Germany knocked. Canada called out from behind the door: "If it's Cuba, go away! I'm Canada NOT America! That asshole is way too round to even resemble me!"

"It's Prussia and I know that you're Canada," Prussia called back.

"Oh," Canada opened the door, "Come on in then!" Prussia entered, followed by his brother.

"What can I do for you gentlemen?" Canada asked.

"It's really more of what I can do for you," Prussia leaned forward on the edge of the couch, "Do people mistake you for America?" he asked knowingly.
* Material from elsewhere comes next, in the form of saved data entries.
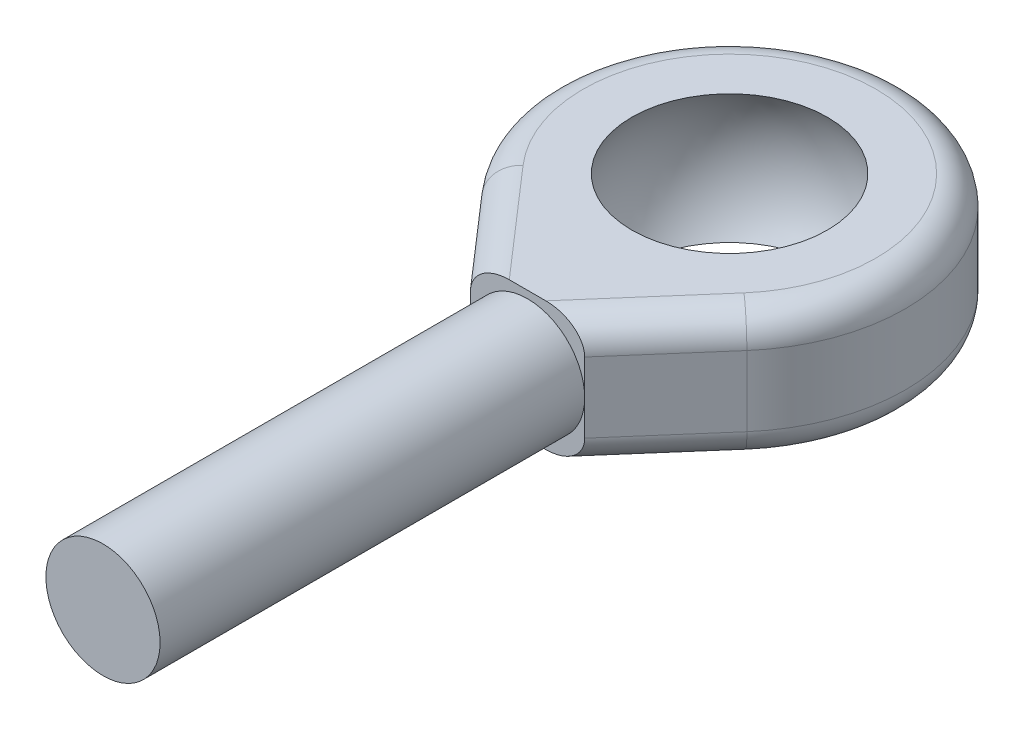
from build123d import *

# Parameters (mm, degrees)
SKETCH1_R             = 12
BOSS_EXTRUDE1_DEPTH   = 8.8
BOSS_EXTRUDE2_START   = -8.8
BOSS_EXTRUDE2_DEPTH   = 8.8
BOSS_EXTRUDE3_DEPTH   = 8.8
BOSS_EXTRUDE3_2_DEPTH = 8.8
BOSS_EXTRUDE4_START   = 8.8
BOSS_EXTRUDE4_DEPTH   = 8.8
CUT_EXTRUDE3_START    = -8.8
CUT_EXTRUDE3_DEPTH    = 8.8
CUT_EXTRUDE4_DEPTH    = 29
FILLET1_R             = 2


with BuildPart() as part:
    # Sketch1 → Boss-Extrude1 (new body)
    with BuildSketch(Plane(origin=(0, 0, 0), x_dir=(1, 0, 0), z_dir=(0, 1, 0))):
        with Locations(Location((0, 0, 0), (0, 0, 270))):
            Circle(SKETCH1_R)
    extrude(amount=BOSS_EXTRUDE1_DEPTH)

    # Sketch2 → Cut-Revolve1 (revolve, cut)
    with BuildSketch(Plane(origin=(0, 4.4, 0), x_dir=(1, 0, 0), z_dir=(0, 1, 0))):
        with BuildLine():
            Line((-8, 0), (8, 0))
            ThreePointArc((8, 0), (0, 8), (-8, 0))
        make_face()
    revolve(axis=Axis((-8, 4.4, 0), (1, 0, 0)), mode=Mode.SUBTRACT)

    # Sketch3 → Boss-Extrude2 (add)
    with BuildSketch(Plane(origin=(0, 8.8, 0), x_dir=(1, 0, 0), z_dir=(0, 1, 0)).offset(BOSS_EXTRUDE2_START)):
        with BuildLine():
            Line((0, -12), (0, -42.8))
            Line((0, -42.8), (3.9, -42.8))
            Line((3.9, -42.8), (3.9, -11.348568192))
            ThreePointArc((3.9, -11.348568192), (1.977015642, -11.836021677), (0, -12))
        make_face()
        with BuildLine():
            Line((-3.9, -11.348568192), (-3.9, -42.8))
            Line((-3.9, -42.8), (0, -42.8))
            Line((0, -42.8), (0, -12))
            ThreePointArc((0, -12), (-1.977015642, -11.836021677), (-3.9, -11.348568192))
        make_face()
    extrude(amount=BOSS_EXTRUDE2_DEPTH)



with BuildPart() as body_2:
    # Sketch4 → Boss-Extrude3 (new body)
    with BuildSketch(Plane(origin=(0, 8.8, 0), x_dir=(1, 0, 0), z_dir=(0, 1, 0))):
        with BuildLine():
            Line((-9.05348909, -7.876187866), (-3.9, -13.8))
            Line((-3.9, -13.8), (-3.9, -11.348568192))
            ThreePointArc((-3.9, -11.348568192), (-6.705413946, -9.951754811), (-9.05348909, -7.876187866))
        make_face()
    extrude(amount=BOSS_EXTRUDE3_DEPTH)


with BuildPart() as body_3:
    # Sketch4 → Boss-Extrude3 2 (new body)
    with BuildSketch(Plane(origin=(0, 8.8, 0), x_dir=(1, 0, 0), z_dir=(0, 1, 0))):
        with BuildLine():
            Line((3.9, -11.348568192), (3.9, -13.8))
            Line((3.9, -13.8), (9.05348909, -7.876187866))
            ThreePointArc((9.05348909, -7.876187866), (6.705413946, -9.951754811), (3.9, -11.348568192))
        make_face()
    extrude(amount=BOSS_EXTRUDE3_2_DEPTH)


with BuildPart() as part_1:
    add(part.part)

    add(body_2.part)  # Boss-Extrude4 merges body 2

    add(body_3.part)  # Boss-Extrude4 merges body 3
    # Sketch5 → Boss-Extrude4 (add)
    with BuildSketch(Plane.XZ.offset(-8.8).offset(BOSS_EXTRUDE4_START)):
        with BuildLine():
            Line((-3.9, 11.348568192), (-3.9, 13.8))
            Line((-3.9, 13.8), (-9.05348909, 7.876187866))
            ThreePointArc((-9.05348909, 7.876187866), (-6.705413946, 9.951754811), (-3.9, 11.348568192))
        make_face()
        with BuildLine():
            Line((9.05348909, 7.876187866), (3.9, 13.8))
            Line((3.9, 13.8), (3.9, 11.348568192))
            ThreePointArc((3.9, 11.348568192), (6.705413946, 9.951754811), (9.05348909, 7.876187866))
        make_face()
    extrude(amount=-BOSS_EXTRUDE4_DEPTH)

    # Sketch6 → Cut-Extrude3 (cut)
    with BuildSketch(Plane(origin=(0, 17.6, 0), x_dir=(1, 0, 0), z_dir=(0, 1, 0)).offset(CUT_EXTRUDE3_START)):
        with BuildLine():
            Line((-9.05348909, -7.876187866), (-3.9, -13.8))
            Line((-3.9, -13.8), (-3.9, -11.348568192))
            ThreePointArc((-3.9, -11.348568192), (-6.705413946, -9.951754811), (-9.05348909, -7.876187866))
        make_face()
        with BuildLine():
            Line((3.9, -13.8), (9.05348909, -7.876187866))
            ThreePointArc((9.05348909, -7.876187866), (6.705413946, -9.951754811), (3.9, -11.348568192))
            Line((3.9, -11.348568192), (3.9, -13.8))
        make_face()
    extrude(amount=CUT_EXTRUDE3_DEPTH, mode=Mode.SUBTRACT)

    # Sketch7 → Cut-Extrude4 (cut)
    with BuildSketch(Plane.XY.offset(42.8)):
        with BuildLine():
            Line((3.9, 8.8), (0, 8.8))
            Line((0, 8.8), (0, 8.3))
            ThreePointArc((0, 8.3), (2.757716447, 7.157716447), (3.9, 4.4))
            Line((3.9, 4.4), (3.9, 8.8))
        make_face()
        with BuildLine():
            ThreePointArc((3.9, 4.4), (2.757716447, 1.642283553), (0, 0.5))
            Line((0, 0.5), (0, 0))
            Line((0, 0), (3.9, 0))
            Line((3.9, 0), (3.9, 4.4))
        make_face()
        with BuildLine():
            Line((0, 8.3), (0, 8.8))
            Line((0, 8.8), (-3.9, 8.8))
            Line((-3.9, 8.8), (-3.9, 4.4))
            ThreePointArc((-3.9, 4.4), (-2.757716447, 7.157716447), (0, 8.3))
        make_face()
        with BuildLine():
            Line((0, 0), (0, 0.5))
            ThreePointArc((0, 0.5), (-2.757716447, 1.642283553), (-3.9, 4.4))
            Line((-3.9, 4.4), (-3.9, 0))
            Line((-3.9, 0), (0, 0))
        make_face()
    extrude(amount=-CUT_EXTRUDE4_DEPTH, mode=Mode.SUBTRACT)

    # Fillet1
    fillet1_edges = [part_1.edges().sort_by_distance(p)[0] for p in [
        (0, 0, -12),
        (0, 8.8, -12),
        (6.476744545, 0, 10.838093933),
        (-6.476744545, 0, 10.838093933),
        (6.476744545, 8.8, 10.838093933),
        (-6.476744545, 8.8, 10.838093933),
    ]]
    fillet(fillet1_edges, radius=FILLET1_R)


solid = part_1.part

"Yeah. Nobody knows who I am. That's not true! Britain knows. So I guess that's one and counting," Canada corrected himself depressingly.

"I've got the cure. Join my side. Once we defeat Denmark, the entire world will know your name," Prussia noticed Canada's eyes growing wide with desire.

"How?" Canada was in awe at the possibility.

"I will use my awesome connections to advertise your laid back, violent-free country. You just have to pose as America one time," Prussia tempted.

"Agreed!" And Canada was now prepared to be known to the world!


	7. Some Undercover Work

_A/N: Every single one of these chapters looked longer on paper...):_

"I'm sorry, could you explain the plan just one more time?" Canada was lost.

"Okay, I've already set the bait. There's a line of doughnuts leading directly to this bush. America will follow the doughnuts to us. We'll grab him, knock him out, and switch your guys' clothes. You will go back to the board room with Denmark and his allies. You'll sit in and observe. Remember everything. After the meeting, come back here and we'll switch your clothes back and dump America at his place. Sound good now?" Prussia explained.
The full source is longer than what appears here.